那个一直低眉顺目的小太监忽然动了!动作快得像条毒蛇!
他从托盘底下抽出一把匕首,寒光一闪,直直刺向谢临晏的咽喉!
可谢临晏比他更快!
那把匕首刺过来的一瞬间,他几乎是瞬间抬起头,整个人向后方一偏。
同时手腕一翻,滚烫的茶水连盏带水直接砸在小太监脸上!
“啊——!”小太监被烫得一声惨叫,动作一滞,露出破绽。
谢临晏直接抓住了那握住匕首的手腕,拇指狠狠一扣,“咔嚓”一声骨节错位的脆响,匕首紧接着脱了手。
谢临宴顺势接住了,落下来的匕首,反手一抹——
动作干净利落,快得江澈根本没看清楚轨迹。
他只看见一道血线在小太监脖颈间绽开,像是突然盛开了一朵暗红色的花。
鲜血“噗”地喷出来,溅了谢临晏一身,玄色龙袍上洇开大片深色水渍。
脸上也溅了几点血珠子,衬得他那张过分好看的脸冷得像修罗。
小太监瞪大了眼睛,喉咙里发出“嗬、嗬”的气音,整个人软倒下去,“咚”地砸在地上,抽搐了两下,不动了。
从刺杀到反杀,前后不过三息。
整个大殿安静得可怕,只有血“滴答、滴答”从龙案边缘落下来的声音。
刘广德脸上的谄媚还没完全褪干净,眼睛瞪得溜圆,嘴唇哆嗦了两下,终于爆发出杀猪般的尖叫:
“抓、抓刺客——!护驾——!来人啊——!”
他连滚带爬地往后退,官袍下摆被自已的脚踩住,“扑通”又摔了个跟头,爬起来继续往殿门方向跑,嗓子都劈了:
“有刺客!快来人!护驾!”
殿门“哐”地被撞开,一队全副武装的侍卫冲了进来,甲胄碰撞的声音哗啦啦一片,刀光雪亮,瞬间把大殿填满了。
“陛下!”
领头的侍卫长脸色煞白,拔刀冲在最前面,扫了一眼地上已经死透的小太监,又看了一眼谢临晏满身的血,声音都变了调:
“属下护驾来迟——”
谢临晏站在龙案后面,手里还握着那把染血的匕首,血珠子顺着匕尖一滴一滴往下落。
他低头看了一眼自已身上的血,又看了一眼地上瞪着眼睛的小太监,脸上的表情淡漠得像个局外人,好像刚才只是捏死了一只蚂蚁。
他随手把匕首扔在龙案上,“铛啷”一声脆响。
然后抬眼扫了一圈冲进来的侍卫,声音平静得发冷:“收拾干净。”
刘广德瘫在殿门口,官帽都歪了,浑身抖得跟筛糠一样,脸白得跟纸糊似的。
谢临晏瞥了他一眼,那眼神冷得刘广德直接“嗝”一声,差点背过气去。
“刘广德。”
“奴、奴才在——”刘广德手脚并用地爬回来,跪在地上,头埋得恨不得钻进金砖缝里。
谢临晏指节又开始敲了起来,嗒、嗒、嗒,节奏比刚才杀人之前还稳。
“这就是你挑的好奴才。”
刘广德“嗷”一嗓子直接哭了出来,额头磕在地上磕得邦邦响:
“陛下饶命!陛下饶命啊!老奴不知情!老奴真的不知情啊!那个小崽子是、是上个月才提拔到御前的,老奴该死!老奴有眼无珠——”

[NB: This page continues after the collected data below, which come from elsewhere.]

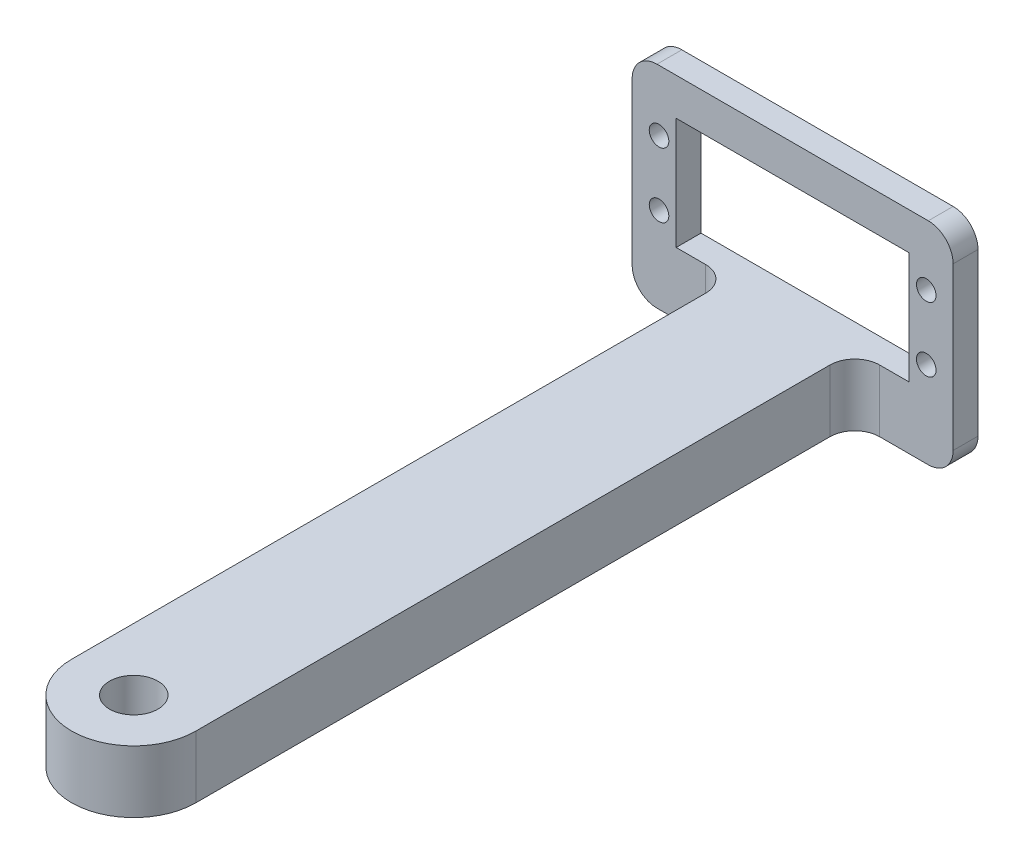
ISO-10303-21;
HEADER;
FILE_DESCRIPTION(('STEP AP214'),'2;1');
FILE_NAME('part.step','',(''),(''),'','','');
FILE_SCHEMA(('AUTOMOTIVE_DESIGN { 1 0 10303 214 1 1 1 1 }'));
ENDSEC;
DATA;
#1=APPLICATION_CONTEXT('core data for automotive mechanical design processes');
#2=APPLICATION_PROTOCOL_DEFINITION('international standard','automotive_design',2000,#1);
#3=PRODUCT_CONTEXT('',#1,'mechanical');
#4=PRODUCT('Part','Part','',(#3));
#5=PRODUCT_RELATED_PRODUCT_CATEGORY('part','',(#4));
#6=PRODUCT_DEFINITION_FORMATION('','',#4);
#7=PRODUCT_DEFINITION_CONTEXT('part definition',#1,'design');
#8=PRODUCT_DEFINITION('design','',#6,#7);
#9=PRODUCT_DEFINITION_SHAPE('','',#8);
#10=(LENGTH_UNIT() NAMED_UNIT(*) SI_UNIT(.MILLI.,.METRE.));
#11=(NAMED_UNIT(*) PLANE_ANGLE_UNIT() SI_UNIT($,.RADIAN.));
#12=(NAMED_UNIT(*) SI_UNIT($,.STERADIAN.) SOLID_ANGLE_UNIT());
#13=UNCERTAINTY_MEASURE_WITH_UNIT(LENGTH_MEASURE(1.E-05),#10,'distance_accuracy_value','');
#14=(GEOMETRIC_REPRESENTATION_CONTEXT(3) GLOBAL_UNCERTAINTY_ASSIGNED_CONTEXT((#13)) GLOBAL_UNIT_ASSIGNED_CONTEXT((#10,
#11,#12)) REPRESENTATION_CONTEXT('',''));
#15=CARTESIAN_POINT('',(0.,0.,0.));
#16=DIRECTION('',(0.,0.,1.));
#17=DIRECTION('',(1.,0.,0.));
#18=AXIS2_PLACEMENT_3D('',#15,#16,#17);
#19=CARTESIAN_POINT('',(-6.35,3.175,38.1));
#20=DIRECTION('',(1.,0.,0.));
#21=DIRECTION('',(0.,0.,-1.));
#22=AXIS2_PLACEMENT_3D('',#19,#20,#21);
#23=PLANE('',#22);
#24=DIRECTION('',(0.,0.,-1.));
#25=VECTOR('',#24,1.);
#26=CARTESIAN_POINT('',(-6.35,3.175,38.1));
#27=LINE('',#26,#25);
#28=CARTESIAN_POINT('',(-6.35,3.175,31.75));
#29=VERTEX_POINT('',#28);
#30=CARTESIAN_POINT('',(-6.35,3.175,-33.02));
#31=VERTEX_POINT('',#30);
#32=EDGE_CURVE('E241',#29,#31,#27,.T.);
#33=ORIENTED_EDGE('',*,*,#32,.T.);
#34=DIRECTION('',(0.,1.,0.));
#35=VECTOR('',#34,1.);
#36=CARTESIAN_POINT('',(-6.35,-3.175,-33.02));
#37=LINE('',#36,#35);
#38=CARTESIAN_POINT('',(-6.35,-3.175,-33.02));
#39=VERTEX_POINT('',#38);
#40=EDGE_CURVE('E303',#31,#39,#37,.F.);
#41=ORIENTED_EDGE('',*,*,#40,.T.);
#42=DIRECTION('',(0.,0.,-1.));
#43=VECTOR('',#42,1.);
#44=CARTESIAN_POINT('',(-6.35,-3.175,38.1));
#45=LINE('',#44,#43);
#46=CARTESIAN_POINT('',(-6.35,-3.175,31.75));
#47=VERTEX_POINT('',#46);
#48=EDGE_CURVE('E247',#47,#39,#45,.T.);
#49=ORIENTED_EDGE('',*,*,#48,.F.);
#50=DIRECTION('',(0.,1.,0.));
#51=VECTOR('',#50,1.);
#52=CARTESIAN_POINT('',(-6.35,-3.175,31.75));
#53=LINE('',#52,#51);
#54=EDGE_CURVE('E250',#47,#29,#53,.T.);
#55=ORIENTED_EDGE('',*,*,#54,.T.);
#56=EDGE_LOOP('',(#33,#41,#49,#55));
#57=FACE_BOUND('',#56,.T.);
#58=ADVANCED_FACE('F35',(#57),#23,.F.);
#59=CARTESIAN_POINT('',(6.35,3.175,38.1));
#60=DIRECTION('',(-1.,0.,0.));
#61=DIRECTION('',(0.,0.,1.));
#62=AXIS2_PLACEMENT_3D('',#59,#60,#61);
#63=PLANE('',#62);
#64=DIRECTION('',(0.,0.,-1.));
#65=VECTOR('',#64,1.);
#66=CARTESIAN_POINT('',(6.35,-3.175,38.1));
#67=LINE('',#66,#65);
#68=CARTESIAN_POINT('',(6.35,-3.175,31.75));
#69=VERTEX_POINT('',#68);
#70=CARTESIAN_POINT('',(6.35,-3.175,-33.02));
#71=VERTEX_POINT('',#70);
#72=EDGE_CURVE('E245',#69,#71,#67,.T.);
#73=ORIENTED_EDGE('',*,*,#72,.T.);
#74=DIRECTION('',(0.,-1.,0.));
#75=VECTOR('',#74,1.);
#76=CARTESIAN_POINT('',(6.35,3.175,-33.02));
#77=LINE('',#76,#75);
#78=CARTESIAN_POINT('',(6.35,3.175,-33.02));
#79=VERTEX_POINT('',#78);
#80=EDGE_CURVE('E57',#71,#79,#77,.F.);
#81=ORIENTED_EDGE('',*,*,#80,.T.);
#82=DIRECTION('',(0.,0.,-1.));
#83=VECTOR('',#82,1.);
#84=CARTESIAN_POINT('',(6.35,3.175,38.1));
#85=LINE('',#84,#83);
#86=CARTESIAN_POINT('',(6.35,3.175,31.75));
#87=VERTEX_POINT('',#86);
#88=EDGE_CURVE('E243',#87,#79,#85,.T.);
#89=ORIENTED_EDGE('',*,*,#88,.F.);
#90=DIRECTION('',(0.,1.,0.));
#91=VECTOR('',#90,1.);
#92=CARTESIAN_POINT('',(6.35,-3.175,31.75));
#93=LINE('',#92,#91);
#94=EDGE_CURVE('E253',#87,#69,#93,.F.);
#95=ORIENTED_EDGE('',*,*,#94,.T.);
#96=EDGE_LOOP('',(#73,#81,#89,#95));
#97=FACE_BOUND('',#96,.T.);
#98=ADVANCED_FACE('F320',(#97),#63,.F.);
#99=CARTESIAN_POINT('',(0.,-3.175,31.75));
#100=DIRECTION('',(0.,-1.,0.));
#101=DIRECTION('',(0.,0.,-1.));
#102=AXIS2_PLACEMENT_3D('',#99,#100,#101);
#103=CYLINDRICAL_SURFACE('',#102,6.35);
#104=ORIENTED_EDGE('',*,*,#54,.F.);
#105=CARTESIAN_POINT('',(0.,-3.175,31.75));
#106=DIRECTION('',(0.,1.,0.));
#107=DIRECTION('',(-1.,0.,0.));
#108=AXIS2_PLACEMENT_3D('',#105,#106,#107);
#109=CIRCLE('',#108,6.35);
#110=EDGE_CURVE('E256',#69,#47,#109,.F.);
#111=ORIENTED_EDGE('',*,*,#110,.F.);
#112=ORIENTED_EDGE('',*,*,#94,.F.);
#113=CARTESIAN_POINT('',(0.,3.175,31.75));
#114=DIRECTION('',(0.,-1.,0.));
#115=DIRECTION('',(0.,0.,-1.));
#116=AXIS2_PLACEMENT_3D('',#113,#114,#115);
#117=CIRCLE('',#116,6.35);
#118=EDGE_CURVE('E258',#29,#87,#117,.F.);
#119=ORIENTED_EDGE('',*,*,#118,.F.);
#120=EDGE_LOOP('',(#104,#111,#112,#119));
#121=FACE_BOUND('',#120,.T.);
#122=ADVANCED_FACE('F324',(#121),#103,.T.);
#123=CARTESIAN_POINT('',(-6.35,-3.175,38.1));
#124=DIRECTION('',(0.,1.,0.));
#125=DIRECTION('',(-1.,0.,0.));
#126=AXIS2_PLACEMENT_3D('',#123,#124,#125);
#127=PLANE('',#126);
#128=DIRECTION('',(-1.,0.,0.));
#129=VECTOR('',#128,1.);
#130=CARTESIAN_POINT('',(16.3957,-3.175,-35.56));
#131=LINE('',#130,#129);
#132=CARTESIAN_POINT('',(-8.89,-3.175,-35.56));
#133=VERTEX_POINT('',#132);
#134=CARTESIAN_POINT('',(-13.8557,-3.175,-35.56));
#135=VERTEX_POINT('',#134);
#136=EDGE_CURVE('E212',#133,#135,#131,.T.);
#137=ORIENTED_EDGE('',*,*,#136,.T.);
#138=DIRECTION('',(0.,0.,-1.));
#139=VECTOR('',#138,1.);
#140=CARTESIAN_POINT('',(-13.8557,-3.175,-38.1));
#141=LINE('',#140,#139);
#142=CARTESIAN_POINT('',(-13.8557,-3.175,-38.1));
#143=VERTEX_POINT('',#142);
#144=EDGE_CURVE('E262',#135,#143,#141,.T.);
#145=ORIENTED_EDGE('',*,*,#144,.T.);
#146=DIRECTION('',(1.,0.,0.));
#147=VECTOR('',#146,1.);
#148=CARTESIAN_POINT('',(-6.35,-3.175,-38.1));
#149=LINE('',#148,#147);
#150=CARTESIAN_POINT('',(13.8557,-3.175,-38.1));
#151=VERTEX_POINT('',#150);
#152=EDGE_CURVE('E236',#143,#151,#149,.T.);
#153=ORIENTED_EDGE('',*,*,#152,.T.);
#154=DIRECTION('',(0.,0.,-1.));
#155=VECTOR('',#154,1.);
#156=CARTESIAN_POINT('',(13.8557,-3.175,-35.56));
#157=LINE('',#156,#155);
#158=CARTESIAN_POINT('',(13.8557,-3.175,-35.56));
#159=VERTEX_POINT('',#158);
#160=EDGE_CURVE('E260',#151,#159,#157,.F.);
#161=ORIENTED_EDGE('',*,*,#160,.T.);
#162=CARTESIAN_POINT('',(8.89,-3.175,-35.56));
#163=VERTEX_POINT('',#162);
#164=EDGE_CURVE('E216',#159,#163,#131,.T.);
#165=ORIENTED_EDGE('',*,*,#164,.T.);
#166=CARTESIAN_POINT('',(8.89,-3.175,-33.02));
#167=DIRECTION('',(0.,1.,0.));
#168=DIRECTION('',(-1.,0.,0.));
#169=AXIS2_PLACEMENT_3D('',#166,#167,#168);
#170=CIRCLE('',#169,2.54);
#171=EDGE_CURVE('E305',#163,#71,#170,.T.);
#172=ORIENTED_EDGE('',*,*,#171,.T.);
#173=ORIENTED_EDGE('',*,*,#72,.F.);
#174=ORIENTED_EDGE('',*,*,#110,.T.);
#175=ORIENTED_EDGE('',*,*,#48,.T.);
#176=CARTESIAN_POINT('',(-8.89,-3.175,-33.02));
#177=DIRECTION('',(0.,1.,0.));
#178=DIRECTION('',(-1.,0.,0.));
#179=AXIS2_PLACEMENT_3D('',#176,#177,#178);
#180=CIRCLE('',#179,2.54);
#181=EDGE_CURVE('E11',#39,#133,#180,.T.);
#182=ORIENTED_EDGE('',*,*,#181,.T.);
#183=EDGE_LOOP('',(#137,#145,#153,#161,#165,#172,#173,#174,#175,#182));
#184=FACE_BOUND('',#183,.T.);
#185=CARTESIAN_POINT('',(0.,-3.175,31.75));
#186=DIRECTION('',(0.,1.,0.));
#187=DIRECTION('',(-1.,0.,0.));
#188=AXIS2_PLACEMENT_3D('',#185,#186,#187);
#189=CIRCLE('',#188,2.4765);
#190=CARTESIAN_POINT('',(-2.4765,-3.175,31.75));
#191=VERTEX_POINT('',#190);
#192=EDGE_CURVE('E233',#191,#191,#189,.F.);
#193=ORIENTED_EDGE('',*,*,#192,.F.);
#194=EDGE_LOOP('',(#193));
#195=FACE_BOUND('',#194,.T.);
#196=ADVANCED_FACE('F318',(#184,#195),#127,.F.);
#197=CARTESIAN_POINT('',(-6.35,3.175,38.1));
#198=DIRECTION('',(0.,-1.,0.));
#199=DIRECTION('',(0.,0.,-1.));
#200=AXIS2_PLACEMENT_3D('',#197,#198,#199);
#201=PLANE('',#200);
#202=DIRECTION('',(-1.,0.,0.));
#203=VECTOR('',#202,1.);
#204=CARTESIAN_POINT('',(-6.35,3.175,-38.1));
#205=LINE('',#204,#203);
#206=CARTESIAN_POINT('',(11.8999,3.175,-38.1));
#207=VERTEX_POINT('',#206);
#208=CARTESIAN_POINT('',(-11.8999,3.175,-38.1));
#209=VERTEX_POINT('',#208);
#210=EDGE_CURVE('E239',#207,#209,#205,.T.);
#211=ORIENTED_EDGE('',*,*,#210,.T.);
#212=DIRECTION('',(0.,0.,-1.));
#213=VECTOR('',#212,1.);
#214=CARTESIAN_POINT('',(-11.8999,3.175,-35.56));
#215=LINE('',#214,#213);
#216=CARTESIAN_POINT('',(-11.8999,3.175,-35.56));
#217=VERTEX_POINT('',#216);
#218=EDGE_CURVE('E205',#217,#209,#215,.T.);
#219=ORIENTED_EDGE('',*,*,#218,.F.);
#220=DIRECTION('',(-1.,0.,0.));
#221=VECTOR('',#220,1.);
#222=CARTESIAN_POINT('',(-11.8999,3.175,-35.56));
#223=LINE('',#222,#221);
#224=CARTESIAN_POINT('',(-8.89,3.175,-35.56));
#225=VERTEX_POINT('',#224);
#226=EDGE_CURVE('E182',#225,#217,#223,.T.);
#227=ORIENTED_EDGE('',*,*,#226,.F.);
#228=CARTESIAN_POINT('',(-8.89,3.175,-33.02));
#229=DIRECTION('',(0.,-1.,0.));
#230=DIRECTION('',(0.,0.,-1.));
#231=AXIS2_PLACEMENT_3D('',#228,#229,#230);
#232=CIRCLE('',#231,2.54);
#233=EDGE_CURVE('E43',#225,#31,#232,.T.);
#234=ORIENTED_EDGE('',*,*,#233,.T.);
#235=ORIENTED_EDGE('',*,*,#32,.F.);
#236=ORIENTED_EDGE('',*,*,#118,.T.);
#237=ORIENTED_EDGE('',*,*,#88,.T.);
#238=CARTESIAN_POINT('',(8.89,3.175,-33.02));
#239=DIRECTION('',(0.,-1.,0.));
#240=DIRECTION('',(0.,0.,-1.));
#241=AXIS2_PLACEMENT_3D('',#238,#239,#240);
#242=CIRCLE('',#241,2.54);
#243=CARTESIAN_POINT('',(8.89,3.175,-35.56));
#244=VERTEX_POINT('',#243);
#245=EDGE_CURVE('E307',#79,#244,#242,.T.);
#246=ORIENTED_EDGE('',*,*,#245,.T.);
#247=CARTESIAN_POINT('',(11.8999,3.175,-35.56));
#248=VERTEX_POINT('',#247);
#249=EDGE_CURVE('E196',#248,#244,#223,.T.);
#250=ORIENTED_EDGE('',*,*,#249,.F.);
#251=DIRECTION('',(0.,0.,-1.));
#252=VECTOR('',#251,1.);
#253=CARTESIAN_POINT('',(11.8999,3.175,-35.56));
#254=LINE('',#253,#252);
#255=EDGE_CURVE('E172',#248,#207,#254,.T.);
#256=ORIENTED_EDGE('',*,*,#255,.T.);
#257=EDGE_LOOP('',(#211,#219,#227,#234,#235,#236,#237,#246,#250,#256));
#258=FACE_BOUND('',#257,.T.);
#259=CARTESIAN_POINT('',(0.,3.175,31.75));
#260=DIRECTION('',(0.,1.,0.));
#261=DIRECTION('',(0.,0.,1.));
#262=AXIS2_PLACEMENT_3D('',#259,#260,#261);
#263=CIRCLE('',#262,2.4765);
#264=CARTESIAN_POINT('',(0.,3.175,34.2265));
#265=VERTEX_POINT('',#264);
#266=EDGE_CURVE('E223',#265,#265,#263,.T.);
#267=ORIENTED_EDGE('',*,*,#266,.F.);
#268=EDGE_LOOP('',(#267));
#269=FACE_BOUND('',#268,.T.);
#270=ADVANCED_FACE('F309',(#258,#269),#201,.F.);
#271=CARTESIAN_POINT('',(0.,0.,-38.1));
#272=DIRECTION('',(0.,0.,1.));
#273=DIRECTION('',(1.,0.,0.));
#274=AXIS2_PLACEMENT_3D('',#271,#272,#273);
#275=PLANE('',#274);
#276=ORIENTED_EDGE('',*,*,#152,.F.);
#277=CARTESIAN_POINT('',(-13.8557,-0.635000000000002,-38.1));
#278=DIRECTION('',(0.,0.,1.));
#279=DIRECTION('',(1.,0.,0.));
#280=AXIS2_PLACEMENT_3D('',#277,#278,#279);
#281=CIRCLE('',#280,2.54);
#282=CARTESIAN_POINT('',(-16.3957,-0.635,-38.1));
#283=VERTEX_POINT('',#282);
#284=EDGE_CURVE('E271',#143,#283,#281,.F.);
#285=ORIENTED_EDGE('',*,*,#284,.T.);
#286=DIRECTION('',(0.,1.,0.));
#287=VECTOR('',#286,1.);
#288=CARTESIAN_POINT('',(-16.3957,18.415,-38.1));
#289=LINE('',#288,#287);
#290=CARTESIAN_POINT('',(-16.3957,15.875,-38.1));
#291=VERTEX_POINT('',#290);
#292=EDGE_CURVE('E226',#283,#291,#289,.T.);
#293=ORIENTED_EDGE('',*,*,#292,.T.);
#294=CARTESIAN_POINT('',(-13.8557,15.875,-38.1));
#295=DIRECTION('',(0.,0.,1.));
#296=DIRECTION('',(1.,0.,0.));
#297=AXIS2_PLACEMENT_3D('',#294,#295,#296);
#298=CIRCLE('',#297,2.54);
#299=CARTESIAN_POINT('',(-13.8557,18.415,-38.1));
#300=VERTEX_POINT('',#299);
#301=EDGE_CURVE('E269',#291,#300,#298,.F.);
#302=ORIENTED_EDGE('',*,*,#301,.T.);
#303=DIRECTION('',(1.,0.,0.));
#304=VECTOR('',#303,1.);
#305=CARTESIAN_POINT('',(16.3957,18.415,-38.1));
#306=LINE('',#305,#304);
#307=CARTESIAN_POINT('',(13.8557,18.415,-38.1));
#308=VERTEX_POINT('',#307);
#309=EDGE_CURVE('E213',#300,#308,#306,.T.);
#310=ORIENTED_EDGE('',*,*,#309,.T.);
#311=CARTESIAN_POINT('',(13.8557,15.875,-38.1));
#312=DIRECTION('',(0.,0.,1.));
#313=DIRECTION('',(1.,0.,0.));
#314=AXIS2_PLACEMENT_3D('',#311,#312,#313);
#315=CIRCLE('',#314,2.54);
#316=CARTESIAN_POINT('',(16.3957,15.875,-38.1));
#317=VERTEX_POINT('',#316);
#318=EDGE_CURVE('E267',#308,#317,#315,.F.);
#319=ORIENTED_EDGE('',*,*,#318,.T.);
#320=DIRECTION('',(0.,-1.,0.));
#321=VECTOR('',#320,1.);
#322=CARTESIAN_POINT('',(16.3957,18.415,-38.1));
#323=LINE('',#322,#321);
#324=CARTESIAN_POINT('',(16.3957,-0.635,-38.1));
#325=VERTEX_POINT('',#324);
#326=EDGE_CURVE('E204',#317,#325,#323,.T.);
#327=ORIENTED_EDGE('',*,*,#326,.T.);
#328=CARTESIAN_POINT('',(13.8557,-0.635,-38.1));
#329=DIRECTION('',(0.,0.,1.));
#330=DIRECTION('',(1.,0.,0.));
#331=AXIS2_PLACEMENT_3D('',#328,#329,#330);
#332=CIRCLE('',#331,2.54);
#333=EDGE_CURVE('E265',#325,#151,#332,.F.);
#334=ORIENTED_EDGE('',*,*,#333,.T.);
#335=EDGE_LOOP('',(#276,#285,#293,#302,#310,#319,#327,#334));
#336=FACE_BOUND('',#335,.T.);
#337=DIRECTION('',(0.,1.,0.));
#338=VECTOR('',#337,1.);
#339=CARTESIAN_POINT('',(-11.8999,3.175,-38.1));
#340=LINE('',#339,#338);
#341=CARTESIAN_POINT('',(-11.8999,14.605,-38.1));
#342=VERTEX_POINT('',#341);
#343=EDGE_CURVE('E187',#209,#342,#340,.T.);
#344=ORIENTED_EDGE('',*,*,#343,.F.);
#345=ORIENTED_EDGE('',*,*,#210,.F.);
#346=DIRECTION('',(0.,-1.,0.));
#347=VECTOR('',#346,1.);
#348=CARTESIAN_POINT('',(11.8999,3.175,-38.1));
#349=LINE('',#348,#347);
#350=CARTESIAN_POINT('',(11.8999,14.605,-38.1));
#351=VERTEX_POINT('',#350);
#352=EDGE_CURVE('E190',#351,#207,#349,.T.);
#353=ORIENTED_EDGE('',*,*,#352,.F.);
#354=DIRECTION('',(1.,0.,0.));
#355=VECTOR('',#354,1.);
#356=CARTESIAN_POINT('',(-11.8999,14.605,-38.1));
#357=LINE('',#356,#355);
#358=EDGE_CURVE('E168',#342,#351,#357,.T.);
#359=ORIENTED_EDGE('',*,*,#358,.F.);
#360=EDGE_LOOP('',(#344,#345,#353,#359));
#361=FACE_BOUND('',#360,.T.);
#362=CARTESIAN_POINT('',(-13.65,5.588,-38.1));
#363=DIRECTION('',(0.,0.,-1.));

江澈趴在房梁上,整个人已经被这连番变故吓得魂魄都快散了。
他死死抠着木头,指甲缝里全是汗,感觉心脏已经从嗓子眼蹦出来在地上蹦跶了。
底下那位活阎王刚杀完人,脸上还带着血珠子,就这么站在一堆侍卫中间,云淡风轻地敲桌子。
而他就趴在正上方的房梁上,离谢临晏头顶不到六米。
江澈脑子里只有一个念头在疯狂回荡:
救命啊。
我要下去自首。
不行,我不敢啊!
江澈眼睛又瞟向小太监的尸体,血还在往外洇,在金砖上铺开好大一片暗红色。
他下意识抬手捂住自已的眼睛,指缝却忍不住张开一条缝,从缝里偷偷看。
心里嘟囔着“大兄弟,你在底下躺得挺安详,我在上边快吓得快尿了。”
“你下手也太快了!都不带提前打个暗号什么的吗?你哪怕先咳嗽两声也行啊!”
他默默在心里给
“兄弟下辈子投胎注意点,千万别跟我这种怂人一起出任务,咱俩这个组合,一个送死太快,一个怂得不敢动,纯纯属于互相拖累。”
“你也别怪我,要怪就怪你下手太快,我还没有准备好。”
就在这时,底下又传来谢临晏冷冰冰的声音:
"都出去。
"
侍卫长愣了一下,刀还举着,迟疑道:
"陛下,这刺客……
"
"都出去。
"谢临晏重复了一遍,声音比刚才还淡,但语气里那种不容置喙的压迫感,让侍卫长瞬间把后半截话咽了回去。
"是!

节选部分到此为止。